▸ **REQUIREMENT**:
In the data below, find each line carrying the string "Circle" and copy it out.

[Stored items]
-.-.-

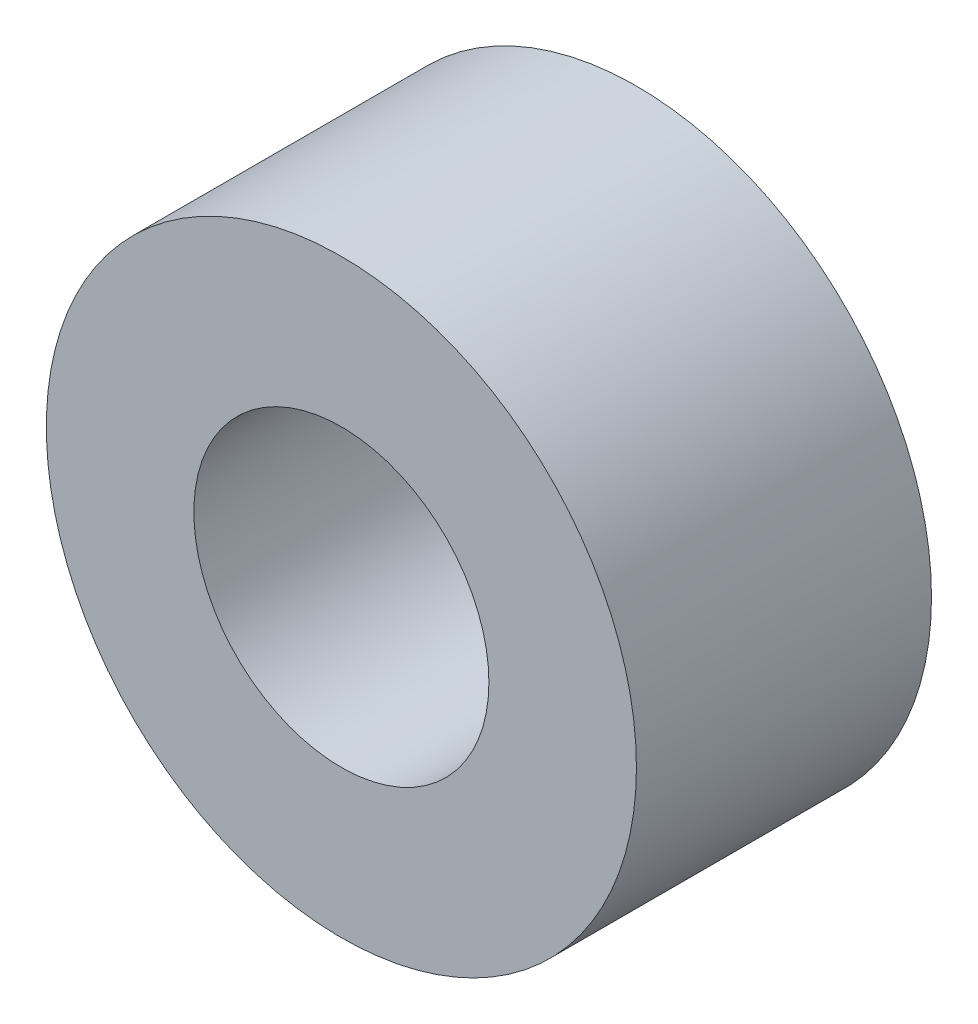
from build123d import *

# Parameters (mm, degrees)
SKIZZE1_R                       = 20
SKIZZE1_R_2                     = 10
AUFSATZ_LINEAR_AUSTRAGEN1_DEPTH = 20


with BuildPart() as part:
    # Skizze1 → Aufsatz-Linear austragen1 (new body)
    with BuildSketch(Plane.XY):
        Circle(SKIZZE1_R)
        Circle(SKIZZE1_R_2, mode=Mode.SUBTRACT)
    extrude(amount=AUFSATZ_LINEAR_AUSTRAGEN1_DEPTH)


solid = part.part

-.-.-

▸ **SOLVED EXERCISE**:
        Circle(SKIZZE1_R)
        Circle(SKIZZE1_R_2, mode=Mode.SUBTRACT)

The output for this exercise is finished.